Collected data entries
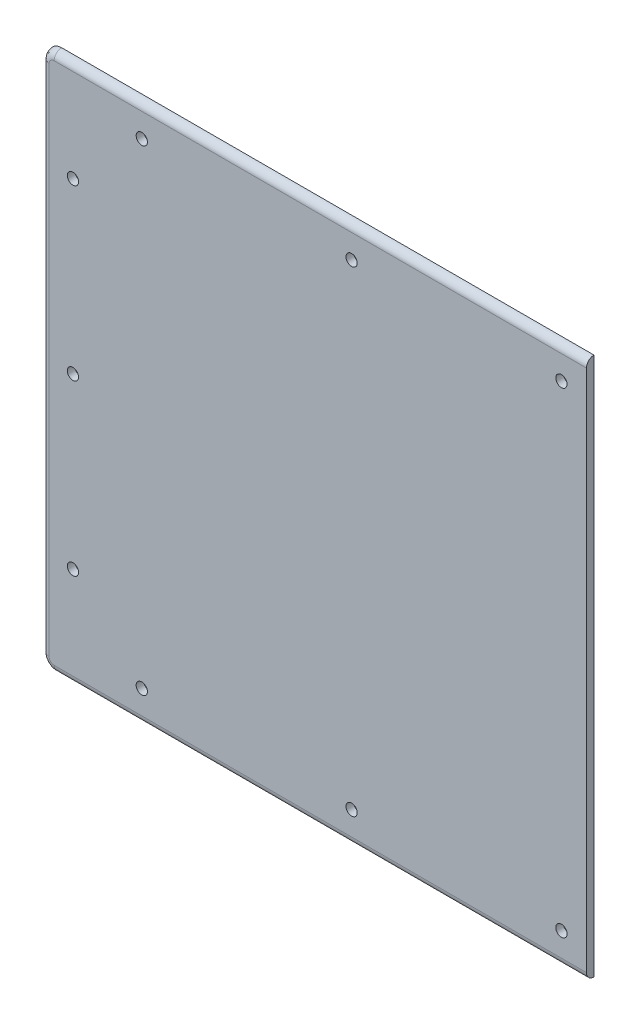
ISO-10303-21;
HEADER;
FILE_DESCRIPTION(('STEP AP214'),'2;1');
FILE_NAME('part.step','',(''),(''),'','','');
FILE_SCHEMA(('AUTOMOTIVE_DESIGN { 1 0 10303 214 1 1 1 1 }'));
ENDSEC;
DATA;
#1=APPLICATION_CONTEXT('core data for automotive mechanical design processes');
#2=APPLICATION_PROTOCOL_DEFINITION('international standard','automotive_design',2000,#1);
#3=PRODUCT_CONTEXT('',#1,'mechanical');
#4=PRODUCT('Part','Part','',(#3));
#5=PRODUCT_RELATED_PRODUCT_CATEGORY('part','',(#4));
#6=PRODUCT_DEFINITION_FORMATION('','',#4);
#7=PRODUCT_DEFINITION_CONTEXT('part definition',#1,'design');
#8=PRODUCT_DEFINITION('design','',#6,#7);
#9=PRODUCT_DEFINITION_SHAPE('','',#8);
#10=(LENGTH_UNIT() NAMED_UNIT(*) SI_UNIT(.MILLI.,.METRE.));
#11=(NAMED_UNIT(*) PLANE_ANGLE_UNIT() SI_UNIT($,.RADIAN.));
#12=(NAMED_UNIT(*) SI_UNIT($,.STERADIAN.) SOLID_ANGLE_UNIT());
#13=UNCERTAINTY_MEASURE_WITH_UNIT(LENGTH_MEASURE(1.E-05),#10,'distance_accuracy_value','');
#14=(GEOMETRIC_REPRESENTATION_CONTEXT(3) GLOBAL_UNCERTAINTY_ASSIGNED_CONTEXT((#13)) GLOBAL_UNIT_ASSIGNED_CONTEXT((#10,
#11,#12)) REPRESENTATION_CONTEXT('',''));
#15=CARTESIAN_POINT('',(0.,0.,0.));
#16=DIRECTION('',(0.,0.,1.));
#17=DIRECTION('',(1.,0.,0.));
#18=AXIS2_PLACEMENT_3D('',#15,#16,#17);
#19=CARTESIAN_POINT('',(108.75,107.5,0.));
#20=DIRECTION('',(0.,0.,1.));
#21=DIRECTION('',(1.,0.,0.));
#22=AXIS2_PLACEMENT_3D('',#19,#20,#21);
#23=PLANE('',#22);
#24=CARTESIAN_POINT('',(12.5,107.5,0.));
#25=DIRECTION('',(0.,0.,-1.));
#26=DIRECTION('',(1.,0.,0.));
#27=AXIS2_PLACEMENT_3D('',#24,#25,#26);
#28=CIRCLE('',#27,2.25);
#29=CARTESIAN_POINT('',(10.25,107.5,0.));
#30=VERTEX_POINT('',#29);
#31=EDGE_CURVE('E226',#30,#30,#28,.T.);
#32=ORIENTED_EDGE('',*,*,#31,.F.);
#33=EDGE_LOOP('',(#32));
#34=FACE_BOUND('',#33,.T.);
#35=CARTESIAN_POINT('',(123.75,12.5,0.));
#36=DIRECTION('',(0.,0.,-1.));
#37=DIRECTION('',(1.,0.,0.));
#38=AXIS2_PLACEMENT_3D('',#35,#36,#37);
#39=CIRCLE('',#38,2.25);
#40=CARTESIAN_POINT('',(121.5,12.5,0.));
#41=VERTEX_POINT('',#40);
#42=EDGE_CURVE('E266',#41,#41,#39,.T.);
#43=ORIENTED_EDGE('',*,*,#42,.F.);
#44=EDGE_LOOP('',(#43));
#45=FACE_BOUND('',#44,.T.);
#46=CARTESIAN_POINT('',(12.5,175.,0.));
#47=DIRECTION('',(0.,0.,-1.));
#48=DIRECTION('',(1.,0.,0.));
#49=AXIS2_PLACEMENT_3D('',#46,#47,#48);
#50=CIRCLE('',#49,2.25);
#51=CARTESIAN_POINT('',(10.25,175.,0.));
#52=VERTEX_POINT('',#51);
#53=EDGE_CURVE('E188',#52,#52,#50,.T.);
#54=ORIENTED_EDGE('',*,*,#53,.F.);
#55=EDGE_LOOP('',(#54));
#56=FACE_BOUND('',#55,.T.);
#57=CARTESIAN_POINT('',(12.5,40.,0.));
#58=DIRECTION('',(0.,0.,-1.));
#59=DIRECTION('',(1.,0.,0.));
#60=AXIS2_PLACEMENT_3D('',#57,#58,#59);
#61=CIRCLE('',#60,2.25);
#62=CARTESIAN_POINT('',(10.25,40.,0.));
#63=VERTEX_POINT('',#62);
#64=EDGE_CURVE('E173',#63,#63,#61,.T.);
#65=ORIENTED_EDGE('',*,*,#64,.F.);
#66=EDGE_LOOP('',(#65));
#67=FACE_BOUND('',#66,.T.);
#68=CARTESIAN_POINT('',(40.,12.5,0.));
#69=DIRECTION('',(0.,0.,-1.));
#70=DIRECTION('',(1.,0.,0.));
#71=AXIS2_PLACEMENT_3D('',#68,#69,#70);
#72=CIRCLE('',#71,2.25);
#73=CARTESIAN_POINT('',(37.75,12.5,0.));
#74=VERTEX_POINT('',#73);
#75=EDGE_CURVE('E187',#74,#74,#72,.T.);
#76=ORIENTED_EDGE('',*,*,#75,.F.);
#77=EDGE_LOOP('',(#76));
#78=FACE_BOUND('',#77,.T.);
#79=CARTESIAN_POINT('',(123.75,202.5,0.));
#80=DIRECTION('',(0.,0.,-1.));
#81=DIRECTION('',(1.,0.,0.));
#82=AXIS2_PLACEMENT_3D('',#79,#80,#81);
#83=CIRCLE('',#82,2.25);
#84=CARTESIAN_POINT('',(121.5,202.5,0.));
#85=VERTEX_POINT('',#84);
#86=EDGE_CURVE('E193',#85,#85,#83,.T.);
#87=ORIENTED_EDGE('',*,*,#86,.F.);
#88=EDGE_LOOP('',(#87));
#89=FACE_BOUND('',#88,.T.);
#90=CARTESIAN_POINT('',(207.5,202.5,0.));
#91=DIRECTION('',(0.,0.,-1.));
#92=DIRECTION('',(1.,0.,0.));
#93=AXIS2_PLACEMENT_3D('',#90,#91,#92);
#94=CIRCLE('',#93,2.25);
#95=CARTESIAN_POINT('',(205.25,202.5,0.));
#96=VERTEX_POINT('',#95);
#97=EDGE_CURVE('E203',#96,#96,#94,.T.);
#98=ORIENTED_EDGE('',*,*,#97,.F.);
#99=EDGE_LOOP('',(#98));
#100=FACE_BOUND('',#99,.T.);
#101=CARTESIAN_POINT('',(207.5,12.5,0.));
#102=DIRECTION('',(0.,0.,-1.));
#103=DIRECTION('',(1.,0.,0.));
#104=AXIS2_PLACEMENT_3D('',#101,#102,#103);
#105=CIRCLE('',#104,2.25);
#106=CARTESIAN_POINT('',(205.25,12.5,0.));
#107=VERTEX_POINT('',#106);
#108=EDGE_CURVE('E246',#107,#107,#105,.T.);
#109=ORIENTED_EDGE('',*,*,#108,.F.);
#110=EDGE_LOOP('',(#109));
#111=FACE_BOUND('',#110,.T.);
#112=CARTESIAN_POINT('',(40.,202.5,0.));
#113=DIRECTION('',(0.,0.,-1.));
#114=DIRECTION('',(1.,0.,0.));
#115=AXIS2_PLACEMENT_3D('',#112,#113,#114);
#116=CIRCLE('',#115,2.25);
#117=CARTESIAN_POINT('',(37.75,202.5,0.));
#118=VERTEX_POINT('',#117);
#119=EDGE_CURVE('E26',#118,#118,#116,.T.);
#120=ORIENTED_EDGE('',*,*,#119,.F.);
#121=EDGE_LOOP('',(#120));
#122=FACE_BOUND('',#121,.T.);
#123=CARTESIAN_POINT('',(5.,5.,0.));
#124=DIRECTION('',(0.,0.,1.));
#125=DIRECTION('',(-1.,0.,0.));
#126=AXIS2_PLACEMENT_3D('',#123,#124,#125);
#127=CIRCLE('',#126,5.);
#128=CARTESIAN_POINT('',(0.,5.,0.));
#129=VERTEX_POINT('',#128);
#130=CARTESIAN_POINT('',(5.,0.,0.));
#131=VERTEX_POINT('',#130);
#132=EDGE_CURVE('E230',#129,#131,#127,.T.);
#133=ORIENTED_EDGE('',*,*,#132,.F.);
#134=DIRECTION('',(0.,-1.,0.));
#135=VECTOR('',#134,1.);
#136=CARTESIAN_POINT('',(0.,210.,0.));
#137=LINE('',#136,#135);
#138=CARTESIAN_POINT('',(0.,210.,0.));
#139=VERTEX_POINT('',#138);
#140=EDGE_CURVE('E243',#139,#129,#137,.T.);
#141=ORIENTED_EDGE('',*,*,#140,.F.);
#142=CARTESIAN_POINT('',(5.,210.,0.));
#143=DIRECTION('',(0.,0.,1.));
#144=DIRECTION('',(0.,1.,0.));
#145=AXIS2_PLACEMENT_3D('',#142,#143,#144);
#146=CIRCLE('',#145,5.);
#147=CARTESIAN_POINT('',(5.,215.,0.));
#148=VERTEX_POINT('',#147);
#149=EDGE_CURVE('E216',#148,#139,#146,.T.);
#150=ORIENTED_EDGE('',*,*,#149,.F.);
#151=DIRECTION('',(-1.,0.,0.));
#152=VECTOR('',#151,1.);
#153=CARTESIAN_POINT('',(217.5,215.,0.));
#154=LINE('',#153,#152);
#155=CARTESIAN_POINT('',(217.5,215.,0.));
#156=VERTEX_POINT('',#155);
#157=EDGE_CURVE('E251',#156,#148,#154,.T.);
#158=ORIENTED_EDGE('',*,*,#157,.F.);
#159=DIRECTION('',(0.,1.,0.));
#160=VECTOR('',#159,1.);
#161=CARTESIAN_POINT('',(217.5,0.,0.));
#162=LINE('',#161,#160);
#163=CARTESIAN_POINT('',(217.5,0.,0.));
#164=VERTEX_POINT('',#163);
#165=EDGE_CURVE('E10',#164,#156,#162,.T.);
#166=ORIENTED_EDGE('',*,*,#165,.F.);
#167=DIRECTION('',(1.,0.,0.));
#168=VECTOR('',#167,1.);
#169=CARTESIAN_POINT('',(5.,0.,0.));
#170=LINE('',#169,#168);
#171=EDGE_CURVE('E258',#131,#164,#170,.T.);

### Task objective
Beginning at the line above with "#63=VERTEX_POINT('',#62);" and finishing at the line with "#124=DIRECTION('',(0.,0.,1.));", return each line exactly and return nothing else.

### Worked solution
#63=VERTEX_POINT('',#62);
#64=EDGE_CURVE('E173',#63,#63,#61,.T.);
#65=ORIENTED_EDGE('',*,*,#64,.F.);
#66=EDGE_LOOP('',(#65));
#67=FACE_BOUND('',#66,.T.);
#68=CARTESIAN_POINT('',(40.,12.5,0.));
#69=DIRECTION('',(0.,0.,-1.));
#70=DIRECTION('',(1.,0.,0.));
#71=AXIS2_PLACEMENT_3D('',#68,#69,#70);
#72=CIRCLE('',#71,2.25);
#73=CARTESIAN_POINT('',(37.75,12.5,0.));
#74=VERTEX_POINT('',#73);
#75=EDGE_CURVE('E187',#74,#74,#72,.T.);
#76=ORIENTED_EDGE('',*,*,#75,.F.);
#77=EDGE_LOOP('',(#76));
#78=FACE_BOUND('',#77,.T.);
#79=CARTESIAN_POINT('',(123.75,202.5,0.));
#80=DIRECTION('',(0.,0.,-1.));
#81=DIRECTION('',(1.,0.,0.));
#82=AXIS2_PLACEMENT_3D('',#79,#80,#81);
#83=CIRCLE('',#82,2.25);
#84=CARTESIAN_POINT('',(121.5,202.5,0.));
#85=VERTEX_POINT('',#84);
#86=EDGE_CURVE('E193',#85,#85,#83,.T.);
#87=ORIENTED_EDGE('',*,*,#86,.F.);
#88=EDGE_LOOP('',(#87));
#89=FACE_BOUND('',#88,.T.);
#90=CARTESIAN_POINT('',(207.5,202.5,0.));
#91=DIRECTION('',(0.,0.,-1.));
#92=DIRECTION('',(1.,0.,0.));
#93=AXIS2_PLACEMENT_3D('',#90,#91,#92);
#94=CIRCLE('',#93,2.25);
#95=CARTESIAN_POINT('',(205.25,202.5,0.));
#96=VERTEX_POINT('',#95);
#97=EDGE_CURVE('E203',#96,#96,#94,.T.);
#98=ORIENTED_EDGE('',*,*,#97,.F.);
#99=EDGE_LOOP('',(#98));
#100=FACE_BOUND('',#99,.T.);
#101=CARTESIAN_POINT('',(207.5,12.5,0.));
#102=DIRECTION('',(0.,0.,-1.));
#103=DIRECTION('',(1.,0.,0.));
#104=AXIS2_PLACEMENT_3D('',#101,#102,#103);
#105=CIRCLE('',#104,2.25);
#106=CARTESIAN_POINT('',(205.25,12.5,0.));
#107=VERTEX_POINT('',#106);
#108=EDGE_CURVE('E246',#107,#107,#105,.T.);
#109=ORIENTED_EDGE('',*,*,#108,.F.);
#110=EDGE_LOOP('',(#109));
#111=FACE_BOUND('',#110,.T.);
#112=CARTESIAN_POINT('',(40.,202.5,0.));
#113=DIRECTION('',(0.,0.,-1.));
#114=DIRECTION('',(1.,0.,0.));
#115=AXIS2_PLACEMENT_3D('',#112,#113,#114);
#116=CIRCLE('',#115,2.25);
#117=CARTESIAN_POINT('',(37.75,202.5,0.));
#118=VERTEX_POINT('',#117);
#119=EDGE_CURVE('E26',#118,#118,#116,.T.);
#120=ORIENTED_EDGE('',*,*,#119,.F.);
#121=EDGE_LOOP('',(#120));
#122=FACE_BOUND('',#121,.T.);
#123=CARTESIAN_POINT('',(5.,5.,0.));
#124=DIRECTION('',(0.,0.,1.));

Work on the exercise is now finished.